Some members of the Kuki community are considering a collective vote for “NOTA” — none of the above — expressing their discontent with the lack of effective intervention by the central government.

Incidents of violence and intimidation disrupted the first phase of the national election in the Meitei-dominated Inner Manipur constituency. Armed Meitei individuals caused chaos at several polling stations, Hindustan Times reported.

In Thamnapokpi, Bishnupur district, gunmen fired shots into the air, prompting voters to flee, leading to increased security measures. In the districts of Imphal West and Imphal East, armed men forced party agents out and intimidated voters, leading to some voters damaging Electronic Voting Machines and other election materials in protest.

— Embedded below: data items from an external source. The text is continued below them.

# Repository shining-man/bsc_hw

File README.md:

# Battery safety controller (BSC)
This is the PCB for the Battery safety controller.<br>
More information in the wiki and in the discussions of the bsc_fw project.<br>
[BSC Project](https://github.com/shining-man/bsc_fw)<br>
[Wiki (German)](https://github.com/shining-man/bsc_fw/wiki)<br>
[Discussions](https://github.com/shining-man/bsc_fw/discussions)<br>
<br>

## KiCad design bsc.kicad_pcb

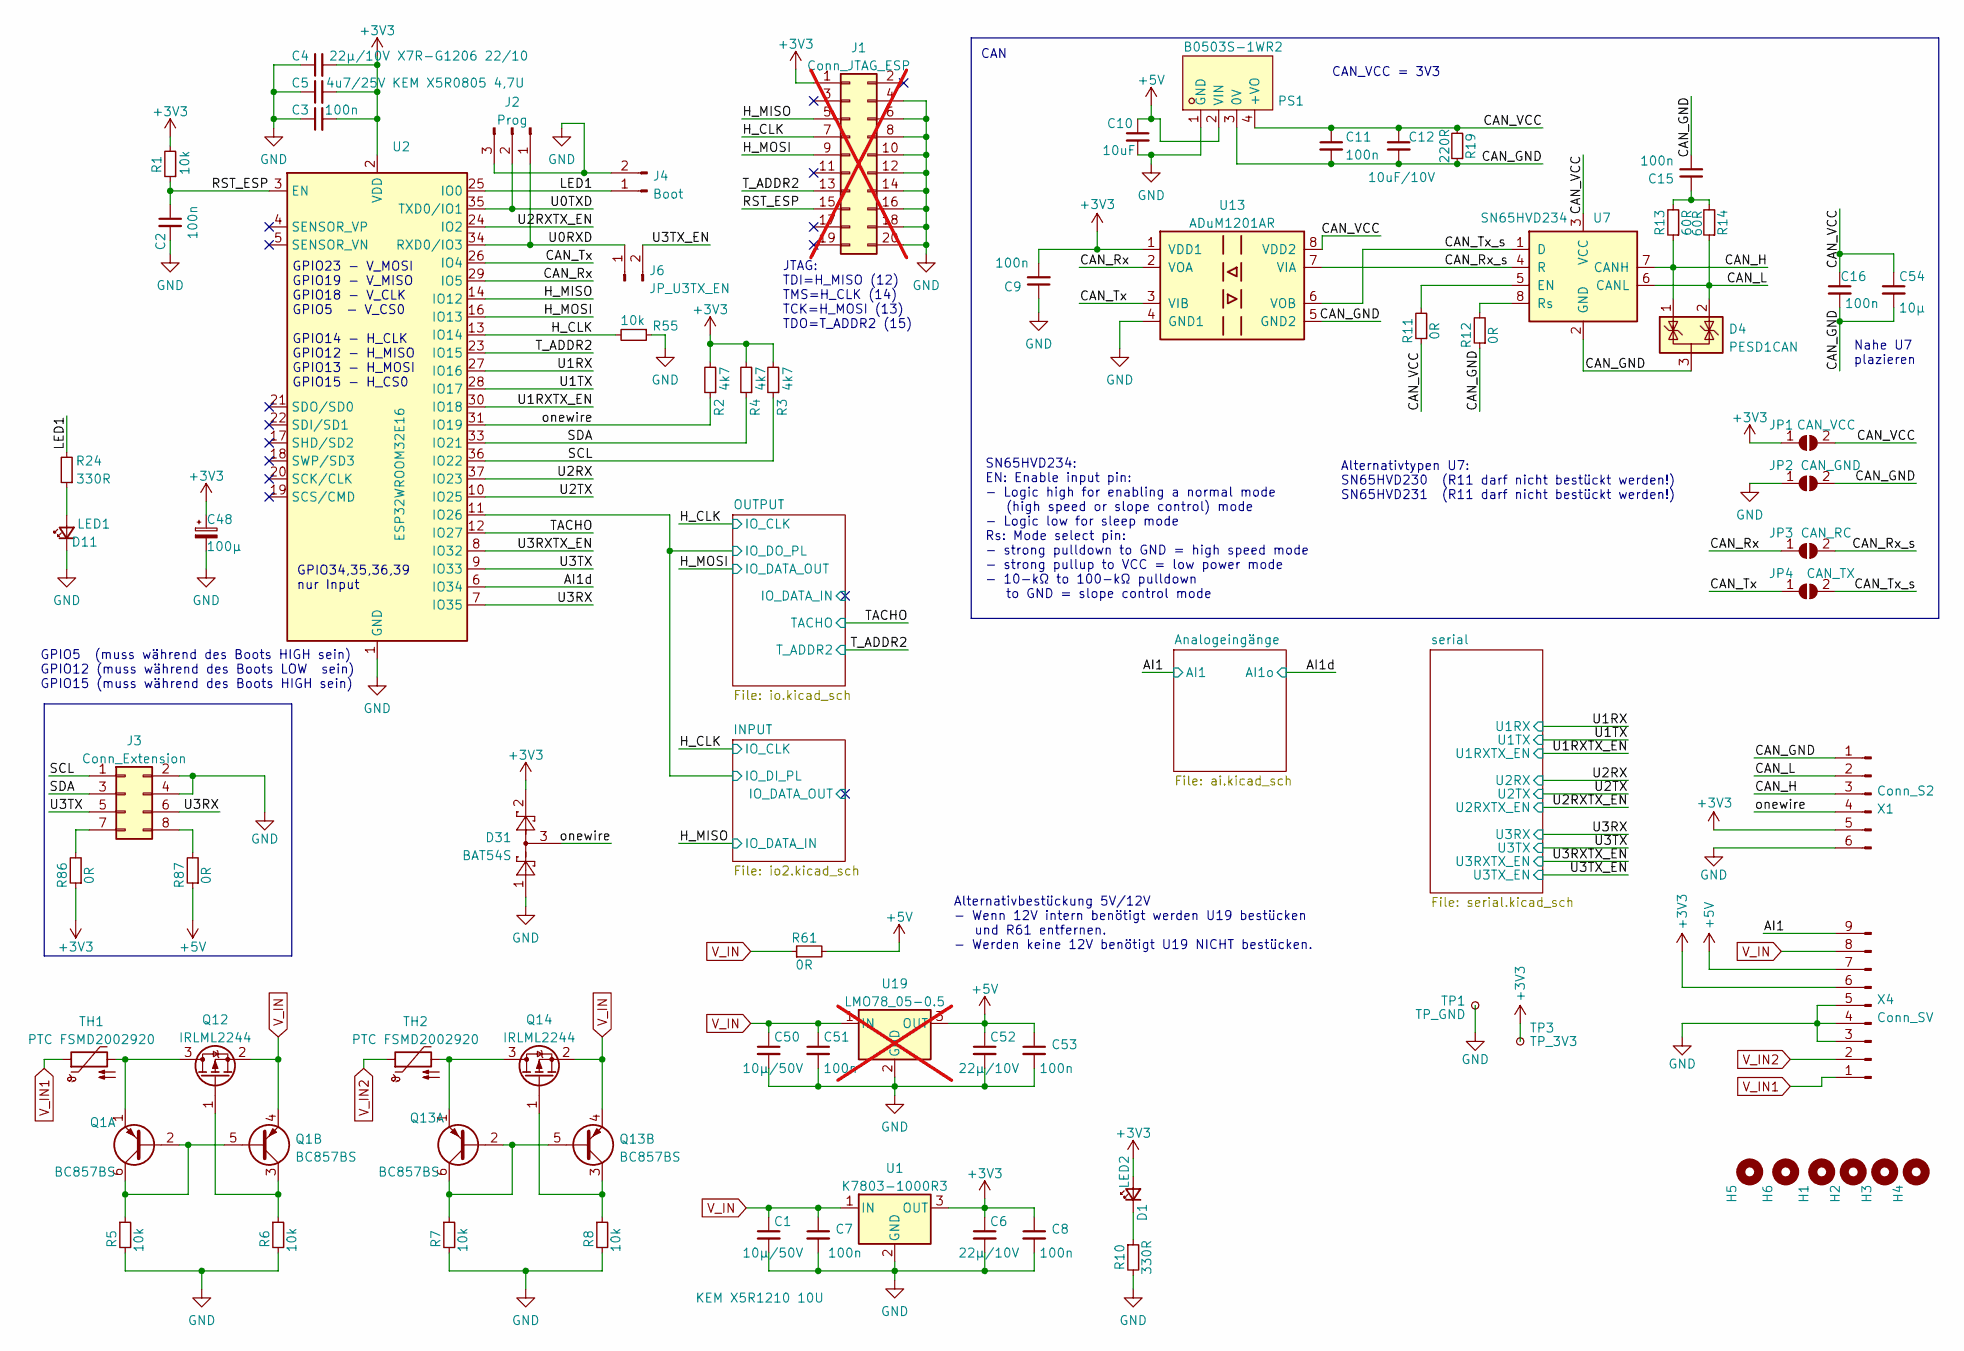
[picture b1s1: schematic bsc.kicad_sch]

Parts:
C1, C50: 10µ/50V; C_1206_3216Metric
C2, C3, C7, C8, C9, C11, C15, C16, C51, C53: 100n; C_0603_1608Metric
C4, C6, C52: 22µ/10V; C_1206_3216Metric
C5: 4u7/25V; C_0805_2012Metric
C10: 10uF; C_0603_1608Metric
C12: 10uF/10V; C_1206_3216Metric
C48: 100µ; CP_Elec_6.3x5.9
C54: 10µ; C_0805_2012Metric
D1: LED2; LED_0603_1608Metric
D4: PESD1CAN; SOT-23
D11: LED1; LED_0603_1608Metric
D31: BAT54S; SOT-23
H1, H2, H3, H4, H5, H6: MountingHole; MountingHole_3.2mm_M3
J1: Conn_JTAG_ESP; PinHeader_2x10_P1.27mm_Vertical_SMD; not fitted
J2: Prog; PinHeader_1x03_P2.54mm_Vertical_jlc
J3: Conn_Extension; PinHeader_2x04_P2.54mm_Vertical_jlc
J4: Boot; PinHeader_1x02_P2.54mm_Vertical_jlc
J6: JP_U3TX_EN; PinHeader_1x02_P2.54mm_Vertical_jlc
JP1: CAN_VCC; SolderJumper-2_P1.3mm_Open_RoundedPad1.0x1.5mm
JP2: CAN_GND; SolderJumper-2_P1.3mm_Open_RoundedPad1.0x1.5mm
JP3: CAN_RC; SolderJumper-2_P1.3mm_Open_RoundedPad1.0x1.5mm
JP4: CAN_TX; SolderJumper-2_P1.3mm_Open_RoundedPad1.0x1.5mm
PS1: B0503S-1WR2; PWRM-TH_DEXU_BXXXXS-1WR2; LCSC Part C5127059
Q1, Q13: BC857BS; SOT-363_SC-70-6
Q12, Q14: IRLML2244; SOT-23
R1, R5, R6, R7, R8, R55: 10k; R_0603_1608Metric
R2, R3, R4: 4k7; R_0603_1608Metric
R10, R24: 330R; R_0603_1608Metric
R11, R12, R61, R86, R87: 0R; R_0603_1608Metric
R13, R14: 60R; R_0603_1608Metric
R19: 220R; R_0805_2012Metric
TH1, TH2: PTC FSMD2002920; Fuse_2920_7451Metric
TP1: TP_GND; TestPoint_Pad_1.0x1.0mm
TP3: TP_3V3; TestPoint_Pad_1.0x1.0mm
U1: K7803-1000R3; Converter_DCDC_RECOM_R-78E-1.0; LCSC Part C111278
U2: ESP32WROOM32E16; ESP32-WROOM-32
U7: SN65HVD234; SOIC-8_3.9x4.9mm_P1.27mm
U13: ADuM1201AR; SOIC-8_3.9x4.9mm_P1.27mm
U19: LMO78_05-0.5; Converter_DCDC_RECOM_R-78E-1.0; not fitted
X1: Conn_S2; PhoenixContact_MCV_1,5_6-G-3.81_1x06_P3.81mm_Vertical
X4: Conn_SV; PhoenixContact_MCV_1,5_9-G-3.81_1x09_P3.81mm_Vertical

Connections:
+3V3: C3.2, C4.2, C5.2, C6.1, C8.1, C9.2, C48.1, D1.2 (A), D31.2, J1.1, JP1.1 (A), R1.2, R2.2, R3.2, R4.2, R86.1, TP3.1, U1.3 (OUT), U2.2 (VDD), U13.1 (VDD1), X1.5, X4.6; also elsewhere on the board
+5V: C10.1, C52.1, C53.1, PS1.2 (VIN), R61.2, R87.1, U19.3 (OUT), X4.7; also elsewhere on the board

The second phase of the national election will be held in Manipur on April 26.

The violence in Manipur began following a Manipur High Court directive that contemplated granting tribal status to the majority Meitei community, which would enable the Meitei to purchase land in territories traditionally inhabited by the Kuki-Zo tribes. The judicial consideration sparked widespread protests among the Christian tribal communities, which rapidly deteriorated into violent clashes characterized by the spread of disinformation and extremist rhetoric beginning May 3, 2023.

The conflict is also deeply rooted in economic factors. The Kuki-Zo regions, known for their rich natural resources, including significant oil deposits, have attracted the interest of both government and corporate entities, intensifying the tensions and stakes involved in the dispute over land and tribal status.